# Task goal
Every line from the first record below down to the line that includes "#19=CARTESIAN_POINT('',(0.,1.5,0.));" must be reproduced exactly; the pictures are not.

# Provided records
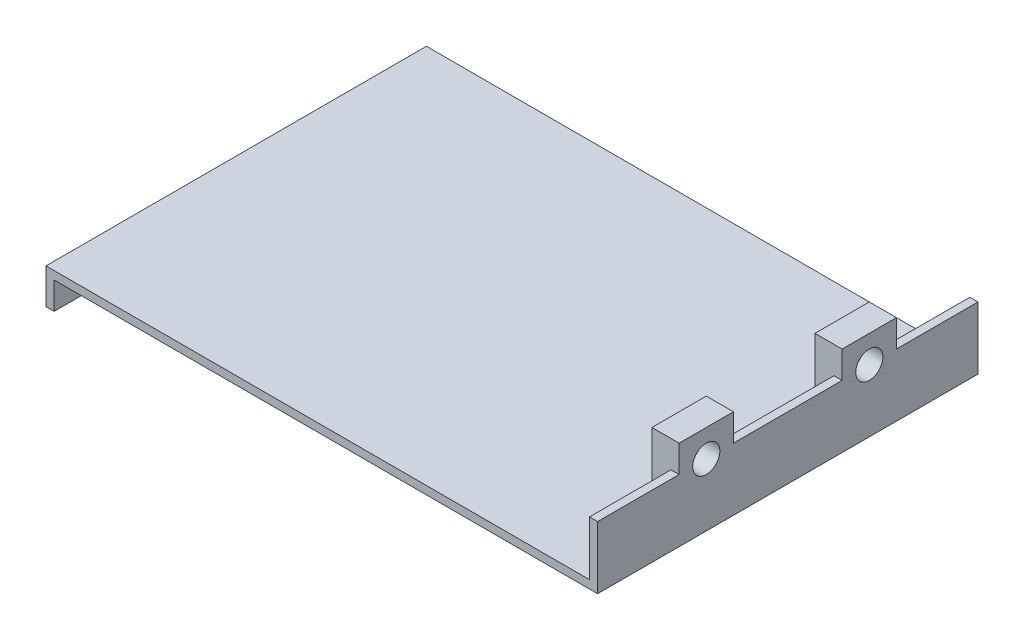
ISO-10303-21;
HEADER;
FILE_DESCRIPTION(('STEP AP214'),'2;1');
FILE_NAME('part.step','',(''),(''),'','','');
FILE_SCHEMA(('AUTOMOTIVE_DESIGN { 1 0 10303 214 1 1 1 1 }'));
ENDSEC;
DATA;
#1=APPLICATION_CONTEXT('core data for automotive mechanical design processes');
#2=APPLICATION_PROTOCOL_DEFINITION('international standard','automotive_design',2000,#1);
#3=PRODUCT_CONTEXT('',#1,'mechanical');
#4=PRODUCT('Part','Part','',(#3));
#5=PRODUCT_RELATED_PRODUCT_CATEGORY('part','',(#4));
#6=PRODUCT_DEFINITION_FORMATION('','',#4);
#7=PRODUCT_DEFINITION_CONTEXT('part definition',#1,'design');
#8=PRODUCT_DEFINITION('design','',#6,#7);
#9=PRODUCT_DEFINITION_SHAPE('','',#8);
#10=(LENGTH_UNIT() NAMED_UNIT(*) SI_UNIT(.MILLI.,.METRE.));
#11=(NAMED_UNIT(*) PLANE_ANGLE_UNIT() SI_UNIT($,.RADIAN.));
#12=(NAMED_UNIT(*) SI_UNIT($,.STERADIAN.) SOLID_ANGLE_UNIT());
#13=UNCERTAINTY_MEASURE_WITH_UNIT(LENGTH_MEASURE(1.E-05),#10,'distance_accuracy_value','');
#14=(GEOMETRIC_REPRESENTATION_CONTEXT(3) GLOBAL_UNCERTAINTY_ASSIGNED_CONTEXT((#13)) GLOBAL_UNIT_ASSIGNED_CONTEXT((#10,
#11,#12)) REPRESENTATION_CONTEXT('',''));
#15=CARTESIAN_POINT('',(0.,0.,0.));
#16=DIRECTION('',(0.,0.,1.));
#17=DIRECTION('',(1.,0.,0.));
#18=AXIS2_PLACEMENT_3D('',#15,#16,#17);
#19=CARTESIAN_POINT('',(0.,1.5,0.));
#20=DIRECTION('',(0.,1.,0.));
#21=DIRECTION('',(0.,0.,1.));
#22=AXIS2_PLACEMENT_3D('',#19,#20,#21);
#23=PLANE('',#22);
#24=DIRECTION('',(0.,0.,-1.));
#25=VECTOR('',#24,1.);
#26=CARTESIAN_POINT('',(35.34812024223,1.5,0.));
#27=LINE('',#26,#25);
#28=CARTESIAN_POINT('',(35.34812024223,1.5,4.92398703403566));
#29=VERTEX_POINT('',#28);
#30=CARTESIAN_POINT('',(35.34812024223,1.5,-15.0760129659643));
#31=VERTEX_POINT('',#30);
#32=EDGE_CURVE('E246',#29,#31,#27,.T.);
#33=ORIENTED_EDGE('',*,*,#32,.T.);
#34=DIRECTION('',(1.,0.,0.));
#35=VECTOR('',#34,1.);
#36=CARTESIAN_POINT('',(31.84812024223,1.5,-15.0760129659643));
#37=LINE('',#36,#35);
#38=CARTESIAN_POINT('',(31.84812024223,1.5,-15.0760129659643));
#39=VERTEX_POINT('',#38);
#40=EDGE_CURVE('E226',#39,#31,#37,.T.);
#41=ORIENTED_EDGE('',*,*,#40,.F.);
#42=DIRECTION('',(0.,0.,1.));
#43=VECTOR('',#42,1.);
#44=CARTESIAN_POINT('',(31.84812024223,1.5,0.));
#45=LINE('',#44,#43);
#46=CARTESIAN_POINT('',(31.84812024223,1.5,-25.0760129659643));
#47=VERTEX_POINT('',#46);
#48=EDGE_CURVE('E234',#47,#39,#45,.T.);
#49=ORIENTED_EDGE('',*,*,#48,.F.);
#50=DIRECTION('',(1.,0.,0.));
#51=VECTOR('',#50,1.);
#52=CARTESIAN_POINT('',(31.84812024223,1.5,-25.0760129659643));
#53=LINE('',#52,#51);
#54=CARTESIAN_POINT('',(35.34812024223,1.5,-25.0760129659643));
#55=VERTEX_POINT('',#54);
#56=EDGE_CURVE('E248',#47,#55,#53,.T.);
#57=ORIENTED_EDGE('',*,*,#56,.T.);
#58=CARTESIAN_POINT('',(35.34812024223,1.5,-40.0760129659643));
#59=VERTEX_POINT('',#58);
#60=EDGE_CURVE('E106',#55,#59,#27,.T.);
#61=ORIENTED_EDGE('',*,*,#60,.T.);
#62=DIRECTION('',(1.,0.,0.));
#63=VECTOR('',#62,1.);
#64=CARTESIAN_POINT('',(0.,1.5,-40.0760129659643));
#65=LINE('',#64,#63);
#66=CARTESIAN_POINT('',(-64.65187975777,1.5,-40.0760129659643));
#67=VERTEX_POINT('',#66);
#68=EDGE_CURVE('E327',#67,#59,#65,.T.);
#69=ORIENTED_EDGE('',*,*,#68,.F.);
#70=DIRECTION('',(0.,0.,1.));
#71=VECTOR('',#70,1.);
#72=CARTESIAN_POINT('',(-64.65187975777,1.5,-40.0760129659643));
#73=LINE('',#72,#71);
#74=CARTESIAN_POINT('',(-64.65187975777,1.5,29.9239870340357));
#75=VERTEX_POINT('',#74);
#76=EDGE_CURVE('E337',#67,#75,#73,.T.);
#77=ORIENTED_EDGE('',*,*,#76,.T.);
#78=DIRECTION('',(1.,0.,0.));
#79=VECTOR('',#78,1.);
#80=CARTESIAN_POINT('',(0.,1.5,29.9239870340357));
#81=LINE('',#80,#79);
#82=CARTESIAN_POINT('',(35.34812024223,1.5,29.9239870340357));
#83=VERTEX_POINT('',#82);
#84=EDGE_CURVE('E330',#75,#83,#81,.T.);
#85=ORIENTED_EDGE('',*,*,#84,.T.);
#86=CARTESIAN_POINT('',(35.34812024223,1.5,14.9239870340357));
#87=VERTEX_POINT('',#86);
#88=EDGE_CURVE('E307',#83,#87,#27,.T.);
#89=ORIENTED_EDGE('',*,*,#88,.T.);
#90=DIRECTION('',(1.,0.,0.));
#91=VECTOR('',#90,1.);
#92=CARTESIAN_POINT('',(31.84812024223,1.5,14.9239870340357));
#93=LINE('',#92,#91);
#94=CARTESIAN_POINT('',(31.84812024223,1.5,14.9239870340357));
#95=VERTEX_POINT('',#94);
#96=EDGE_CURVE('E264',#95,#87,#93,.T.);
#97=ORIENTED_EDGE('',*,*,#96,.F.);
#98=DIRECTION('',(0.,0.,1.));
#99=VECTOR('',#98,1.);
#100=CARTESIAN_POINT('',(31.84812024223,1.5,0.));
#101=LINE('',#100,#99);
#102=CARTESIAN_POINT('',(31.84812024223,1.5,4.92398703403566));
#103=VERTEX_POINT('',#102);
#104=EDGE_CURVE('E260',#103,#95,#101,.T.);
#105=ORIENTED_EDGE('',*,*,#104,.F.);
#106=DIRECTION('',(1.,0.,0.));
#107=VECTOR('',#106,1.);
#108=CARTESIAN_POINT('',(31.84812024223,1.5,4.92398703403566));
#109=LINE('',#108,#107);
#110=EDGE_CURVE('E269',#103,#29,#109,.T.);
#111=ORIENTED_EDGE('',*,*,#110,.T.);
#112=EDGE_LOOP('',(#33,#41,#49,#57,#61,#69,#77,#85,#89,#97,#105,#111));
#113=FACE_BOUND('',#112,.T.);
#114=ADVANCED_FACE('F83',(#113),#23,.T.);
#115=CARTESIAN_POINT('',(35.34812024223,11.5,0.));
#116=DIRECTION('',(-1.,0.,0.));
#117=DIRECTION('',(0.,0.,1.));
#118=AXIS2_PLACEMENT_3D('',#115,#116,#117);
#119=PLANE('',#118);
#120=DIRECTION('',(0.,0.,-1.));
#121=VECTOR('',#120,1.);
#122=CARTESIAN_POINT('',(35.34812024223,11.5,0.));
#123=LINE('',#122,#121);
#124=CARTESIAN_POINT('',(35.34812024223,11.5,4.92398703403566));
#125=VERTEX_POINT('',#124);
#126=CARTESIAN_POINT('',(35.34812024223,11.5,-15.0760129659643));
#127=VERTEX_POINT('',#126);
#128=EDGE_CURVE('E320',#125,#127,#123,.T.);
#129=ORIENTED_EDGE('',*,*,#128,.T.);
#130=DIRECTION('',(0.,1.,0.));
#131=VECTOR('',#130,1.);
#132=CARTESIAN_POINT('',(35.34812024223,11.5,-15.0760129659643));
#133=LINE('',#132,#131);
#134=EDGE_CURVE('E416',#31,#127,#133,.T.);
#135=ORIENTED_EDGE('',*,*,#134,.F.);
#136=ORIENTED_EDGE('',*,*,#32,.F.);
#137=DIRECTION('',(0.,-1.,0.));
#138=VECTOR('',#137,1.);
#139=CARTESIAN_POINT('',(35.34812024223,11.5,4.92398703403566));
#140=LINE('',#139,#138);
#141=EDGE_CURVE('E247',#125,#29,#140,.T.);
#142=ORIENTED_EDGE('',*,*,#141,.F.);
#143=EDGE_LOOP('',(#129,#135,#136,#142));
#144=FACE_BOUND('',#143,.T.);
#145=ADVANCED_FACE('F415',(#144),#119,.T.);
#146=DIRECTION('',(0.,1.,0.));
#147=VECTOR('',#146,1.);
#148=CARTESIAN_POINT('',(35.34812024223,11.5,-25.0760129659643));
#149=LINE('',#148,#147);
#150=CARTESIAN_POINT('',(35.34812024223,11.5,-25.0760129659643));
#151=VERTEX_POINT('',#150);
#152=EDGE_CURVE('E241',#55,#151,#149,.T.);
#153=ORIENTED_EDGE('',*,*,#152,.T.);
#154=CARTESIAN_POINT('',(35.34812024223,11.5,-40.0760129659643));
#155=VERTEX_POINT('',#154);
#156=EDGE_CURVE('E315',#151,#155,#123,.T.);
#157=ORIENTED_EDGE('',*,*,#156,.T.);
#158=DIRECTION('',(0.,-1.,0.));
#159=VECTOR('',#158,1.);
#160=CARTESIAN_POINT('',(35.34812024223,11.5,-40.0760129659643));
#161=LINE('',#160,#159);
#162=EDGE_CURVE('E323',#155,#59,#161,.T.);
#163=ORIENTED_EDGE('',*,*,#162,.T.);
#164=ORIENTED_EDGE('',*,*,#60,.F.);
#165=EDGE_LOOP('',(#153,#157,#163,#164));
#166=FACE_BOUND('',#165,.T.);
#167=ADVANCED_FACE('F466',(#166),#119,.T.);
#168=CARTESIAN_POINT('',(0.,11.5,0.));
#169=DIRECTION('',(0.,1.,0.));
#170=DIRECTION('',(0.,0.,1.));
#171=AXIS2_PLACEMENT_3D('',#168,#169,#170);
#172=PLANE('',#171);
#173=DIRECTION('',(0.,0.,-1.));
#174=VECTOR('',#173,1.);
#175=CARTESIAN_POINT('',(36.84812024223,11.5,0.));
#176=LINE('',#175,#174);
#177=CARTESIAN_POINT('',(36.84812024223,11.5,4.92398703403566));
#178=VERTEX_POINT('',#177);
#179=CARTESIAN_POINT('',(36.84812024223,11.5,-15.0760129659643));
#180=VERTEX_POINT('',#179);
#181=EDGE_CURVE('E312',#178,#180,#176,.T.);
#182=ORIENTED_EDGE('',*,*,#181,.T.);
#183=DIRECTION('',(1.,0.,0.));
#184=VECTOR('',#183,1.);
#185=CARTESIAN_POINT('',(35.34812024223,11.5,-15.0760129659643));
#186=LINE('',#185,#184);
#187=EDGE_CURVE('E280',#127,#180,#186,.T.);
#188=ORIENTED_EDGE('',*,*,#187,.F.);
#189=ORIENTED_EDGE('',*,*,#128,.F.);
#190=DIRECTION('',(1.,0.,0.));
#191=VECTOR('',#190,1.);
#192=CARTESIAN_POINT('',(35.34812024223,11.5,4.92398703403566));
#193=LINE('',#192,#191);
#194=EDGE_CURVE('E300',#125,#178,#193,.T.);
#195=ORIENTED_EDGE('',*,*,#194,.T.);
#196=EDGE_LOOP('',(#182,#188,#189,#195));
#197=FACE_BOUND('',#196,.T.);
#198=ADVANCED_FACE('F487',(#197),#172,.T.);
#199=DIRECTION('',(1.,0.,0.));
#200=VECTOR('',#199,1.);
#201=CARTESIAN_POINT('',(35.34812024223,11.5,-25.0760129659643));
#202=LINE('',#201,#200);
#203=CARTESIAN_POINT('',(36.84812024223,11.5,-25.0760129659643));
#204=VERTEX_POINT('',#203);
#205=EDGE_CURVE('E279',#151,#204,#202,.T.);
#206=ORIENTED_EDGE('',*,*,#205,.T.);
#207=CARTESIAN_POINT('',(36.84812024223,11.5,-40.0760129659643));
#208=VERTEX_POINT('',#207);
#209=EDGE_CURVE('E306',#204,#208,#176,.T.);
#210=ORIENTED_EDGE('',*,*,#209,.T.);
#211=DIRECTION('',(1.,0.,0.));
#212=VECTOR('',#211,1.);
#213=CARTESIAN_POINT('',(0.,11.5,-40.0760129659643));
#214=LINE('',#213,#212);
#215=EDGE_CURVE('E303',#155,#208,#214,.T.);
#216=ORIENTED_EDGE('',*,*,#215,.F.);
#217=ORIENTED_EDGE('',*,*,#156,.F.);
#218=EDGE_LOOP('',(#206,#210,#216,#217));
#219=FACE_BOUND('',#218,.T.);
#220=ADVANCED_FACE('F483',(#219),#172,.T.);
#221=CARTESIAN_POINT('',(-63.15187975777,-5.,-40.0760129659643));
#222=DIRECTION('',(-1.,0.,0.));
#223=DIRECTION('',(0.,0.,1.));
#224=AXIS2_PLACEMENT_3D('',#221,#222,#223);
#225=PLANE('',#224);
#226=DIRECTION('',(0.,0.,1.));
#227=VECTOR('',#226,1.);
#228=CARTESIAN_POINT('',(-63.15187975777,0.,-40.0760129659643));
#229=LINE('',#228,#227);
#230=CARTESIAN_POINT('',(-63.15187975777,0.,-40.0760129659643));
#231=VERTEX_POINT('',#230);
#232=CARTESIAN_POINT('',(-63.15187975777,0.,29.9239870340357));
#233=VERTEX_POINT('',#232);
#234=EDGE_CURVE('E334',#231,#233,#229,.T.);
#235=ORIENTED_EDGE('',*,*,#234,.T.);
#236=DIRECTION('',(0.,1.,0.));
#237=VECTOR('',#236,1.);
#238=CARTESIAN_POINT('',(-63.15187975777,-5.,29.9239870340357));
#239=LINE('',#238,#237);
#240=CARTESIAN_POINT('',(-63.15187975777,-5.,29.9239870340357));
#241=VERTEX_POINT('',#240);
#242=EDGE_CURVE('E12',#241,#233,#239,.T.);
#243=ORIENTED_EDGE('',*,*,#242,.F.);
#244=DIRECTION('',(0.,0.,1.));
#245=VECTOR('',#244,1.);
#246=CARTESIAN_POINT('',(-63.15187975777,-5.,-40.0760129659643));
#247=LINE('',#246,#245);
#248=CARTESIAN_POINT('',(-63.15187975777,-5.,-40.0760129659643));
#249=VERTEX_POINT('',#248);
#250=EDGE_CURVE('E349',#249,#241,#247,.T.);
#251=ORIENTED_EDGE('',*,*,#250,.F.);
#252=DIRECTION('',(0.,1.,0.));
#253=VECTOR('',#252,1.);
#254=CARTESIAN_POINT('',(-63.15187975777,-5.,-40.0760129659643));
#255=LINE('',#254,#253);
#256=EDGE_CURVE('E360',#249,#231,#255,.T.);
#257=ORIENTED_EDGE('',*,*,#256,.T.);
#258=EDGE_LOOP('',(#235,#243,#251,#257));
#259=FACE_BOUND('',#258,.T.);
#260=ADVANCED_FACE('F85',(#259),#225,.F.);
#261=CARTESIAN_POINT('',(-63.15187975777,-5.,29.9239870340357));
#262=DIRECTION('',(0.,0.,-1.));
#263=DIRECTION('',(-1.,0.,0.));
#264=AXIS2_PLACEMENT_3D('',#261,#262,#263);
#265=PLANE('',#264);
#266=ORIENTED_EDGE('',*,*,#242,.T.);
#267=DIRECTION('',(1.,0.,0.));
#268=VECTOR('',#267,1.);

# Written response
ISO-10303-21;
HEADER;
FILE_DESCRIPTION(('STEP AP214'),'2;1');
FILE_NAME('part.step','',(''),(''),'','','');
FILE_SCHEMA(('AUTOMOTIVE_DESIGN { 1 0 10303 214 1 1 1 1 }'));
ENDSEC;
DATA;
#1=APPLICATION_CONTEXT('core data for automotive mechanical design processes');
#2=APPLICATION_PROTOCOL_DEFINITION('international standard','automotive_design',2000,#1);
#3=PRODUCT_CONTEXT('',#1,'mechanical');
#4=PRODUCT('Part','Part','',(#3));
#5=PRODUCT_RELATED_PRODUCT_CATEGORY('part','',(#4));
#6=PRODUCT_DEFINITION_FORMATION('','',#4);
#7=PRODUCT_DEFINITION_CONTEXT('part definition',#1,'design');
#8=PRODUCT_DEFINITION('design','',#6,#7);
#9=PRODUCT_DEFINITION_SHAPE('','',#8);
#10=(LENGTH_UNIT() NAMED_UNIT(*) SI_UNIT(.MILLI.,.METRE.));
#11=(NAMED_UNIT(*) PLANE_ANGLE_UNIT() SI_UNIT($,.RADIAN.));
#12=(NAMED_UNIT(*) SI_UNIT($,.STERADIAN.) SOLID_ANGLE_UNIT());
#13=UNCERTAINTY_MEASURE_WITH_UNIT(LENGTH_MEASURE(1.E-05),#10,'distance_accuracy_value','');
#14=(GEOMETRIC_REPRESENTATION_CONTEXT(3) GLOBAL_UNCERTAINTY_ASSIGNED_CONTEXT((#13)) GLOBAL_UNIT_ASSIGNED_CONTEXT((#10,
#11,#12)) REPRESENTATION_CONTEXT('',''));
#15=CARTESIAN_POINT('',(0.,0.,0.));
#16=DIRECTION('',(0.,0.,1.));
#17=DIRECTION('',(1.,0.,0.));
#18=AXIS2_PLACEMENT_3D('',#15,#16,#17);
#19=CARTESIAN_POINT('',(0.,1.5,0.));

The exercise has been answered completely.